= Parnassus (Cappadocia) =

Town in the northern part of ancient Cappadoci

Parnassus or Parnassos (Παρνασσός) was a town in the northern part of ancient Cappadocia, on the right bank of the Halys River, and on or near a hill, to which it owed its name, on the road between Ancyra and Archelais, about 63 miles west of the latter town. It became a bishopric and remains a Roman Catholic titular see.

== History ==
As a town in the Late Roman province of Cappadocia Tertia, Parnassus was important enough to become a suffragan bishopric of the Metropolitan of Mocissus, in the sway of the Patriarchate of Constantinople. Its site is near modern Parlasan, Şereflikoçhisar.

Several of its bishops were historically documented :
- Pancratius, an Arian heretical schismatic, among the dissident bishops which left the Council of Sardica and held a small council at Philippopolis (now Plovdiv Bulgaria) issuing a separate Arian position.
- Ipsius and Ecditius, whom Church Father Saint Basil the Great of Caesarea Mazaca in Cappadocia mentioned in a letter
- Eustachius I participated over his 30 years term in various major synods: the council of Ephesus in 431, opposing the profession of faith; the Synod of Constantinople of 448 convoked by Patriarch Flavian of Constantinople to condemn heretical anti-Nestorian archimandrite Eutyches; the Council of Chalcedon in 451; he also signed in 458 the letter of the bishops of Cappadocia to Byzantine emperor Leo I the Thracian after the Coptic mob-murder of Patriarch Proterius of Alexandria and signed the synodal decree of Patriarch (saint) Gennadius of Constantinople against simony around 459.
- Pelagius prese partook in the synod of Constantinople in 536 which Patriarch Mena called to condemn Antimus
- Eustachius II was present at the 'Robber' Council in Trullo in 692
- Stephanus attended the Second Council of Nicaea in 787
- Teognostus participated at the Council of Constantinople in 879-880 condemning Patriarch Photius I of Constantinople.

The bishopric is mentioned in the Byzantine imperial Notitiae Episcopatuum till the late 13th century, but it faded, apparently at the advent of Muslim Seljuks.

== Titular see ==
The diocese was nominally restored as a titular bishopric in 1895.

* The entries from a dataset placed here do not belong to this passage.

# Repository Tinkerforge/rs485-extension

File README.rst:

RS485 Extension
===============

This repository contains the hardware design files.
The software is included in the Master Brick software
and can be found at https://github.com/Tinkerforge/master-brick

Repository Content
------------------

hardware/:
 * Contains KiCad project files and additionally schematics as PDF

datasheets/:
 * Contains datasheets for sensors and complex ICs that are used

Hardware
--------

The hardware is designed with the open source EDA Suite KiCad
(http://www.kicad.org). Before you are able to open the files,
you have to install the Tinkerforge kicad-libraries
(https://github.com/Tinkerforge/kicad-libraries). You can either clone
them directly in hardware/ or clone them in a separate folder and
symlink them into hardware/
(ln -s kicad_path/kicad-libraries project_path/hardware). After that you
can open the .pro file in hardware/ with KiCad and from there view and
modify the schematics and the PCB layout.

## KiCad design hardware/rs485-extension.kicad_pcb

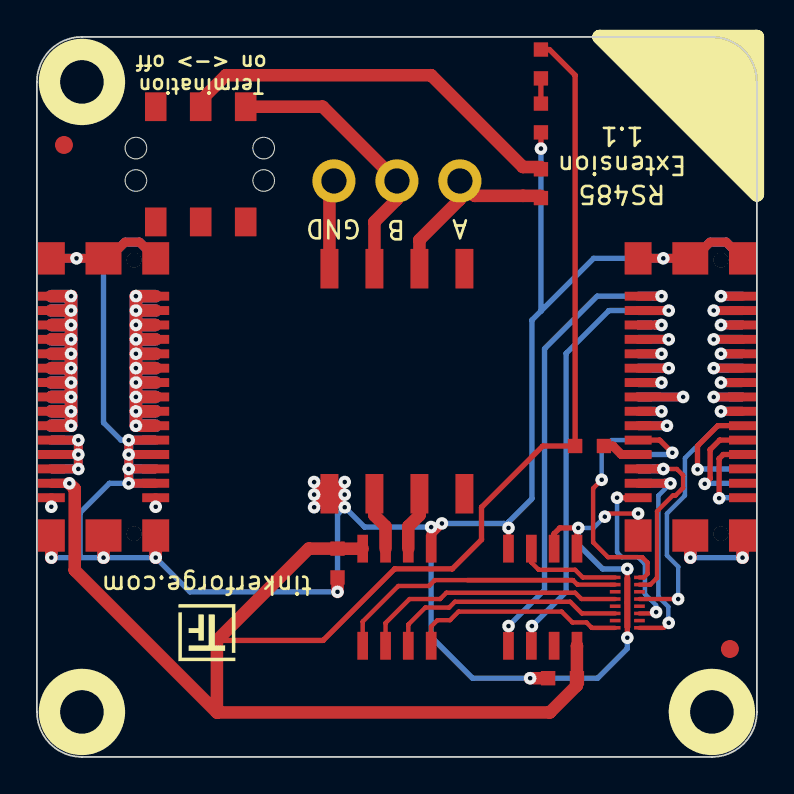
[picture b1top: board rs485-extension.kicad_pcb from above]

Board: 2 copper layers, 40.0 x 40.0 mm, 27 parts (0 on the bottom side), 48 nets.

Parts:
C1, C2: 100nF; C0603
D1: LED; D0603
FILTER1: Filter-8x; DFN16-33x135
Fiducial_Mark: VAL**; Fiducial_Mark
Fiducial_Mark#2, Fiducial_Mark#3, Fiducial_Mark#4: VAL**; Fiducial_Mark
J1, J3: STACK-UP-HIGH; BTB08-ACS-TOP
J2, J4: STACK-DOWN; BTB08-ACS-BTM
K1: grey; OQ_3P
L1: WE-SL
R1: 120; R0603
R2, R3: 1k; R0603
Ref**: Val**; Logo_31x31
SW1: TER; SLIDE_SWITCH
U1: M24C64; SOIC8
U2: ADM3485; SOIC8
U3, U4, U5, U6: DRILL; DRILL_NP
VAL: WEEE_7mm
VAL#2: CE_5mm

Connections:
3V3: C1.1, C2.1, D1.1, J3.28, J4.28, R3.1, U1.8, U2.8
GND: C1.2, C2.2, FILTER1.EXP, J1.EP, J2.EP, J3.21, J3.23, J3.25, J3.27, J3.EP, J4.21, J4.23, J4.25, J4.27, J4.EP, L1.1, R2.2, U1.1, U1.2, U1.4, U2.5
unnamed: D1.2, R2.1
unnamed: FILTER1.1, U1.3
unnamed: FILTER1.2, U2.1
unnamed: FILTER1.4, U2.2
unnamed: FILTER1.6, U2.3
unnamed: FILTER1.8, U2.4
unnamed: J1.1, J2.1
unnamed: J1.3, J2.3
unnamed: J1.5, J2.5
unnamed: J1.6, J2.6
unnamed: J1.7, J2.7
unnamed: J1.8, J2.8
unnamed: J1.9, J2.9
unnamed: J1.10, J2.10
unnamed: J1.11, J2.11
unnamed: J1.12, J2.12
unnamed: J1.13, J2.13
unnamed: J1.14, J2.14
unnamed: J1.15, J2.15
unnamed: J1.16, J2.16
unnamed: J1.17, J2.17
unnamed: J1.18, J2.18
unnamed: J1.19, J2.25
unnamed: J1.20, J2.20
unnamed: J1.21, J2.27
unnamed: J1.22, J2.24
unnamed: J1.23, J2.29
unnamed: J1.24, R3.2
unnamed: J3.1, J3.3, J3.5, J3.7, J3.9, J3.11, J3.13, J3.15, J3.17, J3.19, J4.1, J4.3, J4.5, J4.7, J4.9, J4.11, J4.13, J4.15, J4.17, J4.19
unnamed: J3.2, J3.4, J3.6, J3.8, J3.10, J3.12, J3.14, J3.16, J3.18, J3.20, J4.2, J4.4, J4.6, J4.8, J4.10, J4.12, J4.14, J4.16, J4.18, J4.20
unnamed: J3.22, J3.24, J3.26, J4.22, J4.24, J4.26
unnamed: J3.29, J4.29
unnamed: J3.30, J4.30
unnamed: K1.1, L1.6, R1.1
unnamed: K1.2, L1.7, SW1.1
unnamed: K1.3, L1.8
unnamed: L1.2, U2.7
unnamed: L1.3, U2.6
unnamed: R1.2, SW1.2
RXD: FILTER1.15, J1.26, J2.26
RXE: FILTER1.13, J2.19
SCL: J1.4, J2.4, U1.6
SDA: J1.2, J2.2, U1.5
SELECT: FILTER1.16, J2.22
TXD: FILTER1.9, J1.28, J2.28
TXE: FILTER1.11, J1.30, J2.30

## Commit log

2016-09-29 drc check executed
2017-08-03 Add 3d information (tbc)
2017-09-15 Add 3d information (final)
2017-09-15 Add 3d model (*.step & *.FCStd)
2018-02-20 Add .gitignore
2018-02-20 Cleanup KiCad libraries config
    Ensure LibDir=kicad-libraries and LibName1=tinkerforge.
    Remove special library.
2021-10-25 Update KiCad link
    https://www.kicad.org/blog/2021/10/Avoid-links-to-former-kicad-domain/

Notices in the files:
hardware/rs485-extension.kicad_pcb:
Licensed under CERN OHL v.1.1
Copyright (©) 2015, B.Nordmeyer
Copyright Tinkerforge GmbH 2015.
This documentation describes Open Hardware and is licensed under the
CERN OHL v. 1.1.

It is vacant, having had the following incumbents, all of the lowest (episcopal) rank :
- Johann Baptist Schneider (1896.06.25 – death 1905.01.26) as Auxiliary Bishop of Wien (Vienna, Austria) (1896.06.25 – 1905.01.26)
- Ludovic Joseph Legraive (1907.10.17 – death 1940.06.10) as Auxiliary Bishop of Mechelen (Mechlin, Belgium) (1907.10.17 – 1940.06.10)
- Arturo Mery Beckdorf (1941.03.22 – 1944.07.29), later Titular Archbishop of Phasis (1955.04.20 – 1976.05.28)
- Daniel Figueroa Villón (1945.04.12 – 1946.09.22) as Auxiliary Bishop of Antofagasta (Chile) (1941.03.22 – 1944.07.29); later Coadjutor Bishop of Valdivia (Chile) (1944.07.29 – 1955.04.20), Coadjutor Archbishop of Santiago (Chile) (1955.04.20 – 1961.05.14), Titular Archbishop of Phasis (1955.04.20 – 1976.05.28) as Auxiliary Bishop of La Serena (Chile) (1961.05.14 – 1963) promoted Coadjutor Archbishop of La Serena (Chile) (1963 – death 1976.05.28)
- Daniel Tavares Baeta Neves (1947.03.29 – 1958.05.16) as Auxiliary Bishop of Mariana (Brazil) (1947.03.29 – 1958.05.16); later Bishop of Januária (Brazil) (1958.05.16 – 1962.06.01), Titular Bishop of Alexandria Minor (1962.06.01 – 1964.06.04), Bishop of Sete Lagoas (Brazil) (1964.06.04 – death 1980.07.08)
- Adolfo Luís Bossi, Capuchin Friars (O.F.M. Cap.) (1958.06.18 – 2002.05.08) as Coadjutor Bishop-Prelate of São José do Grajaú (Brazil) (1958.06.18 – 1966.02.19), succeeding as Bishop-Prelate of São José do Grajaú (1966.02.19 – retired 1970.08.22), died 2002.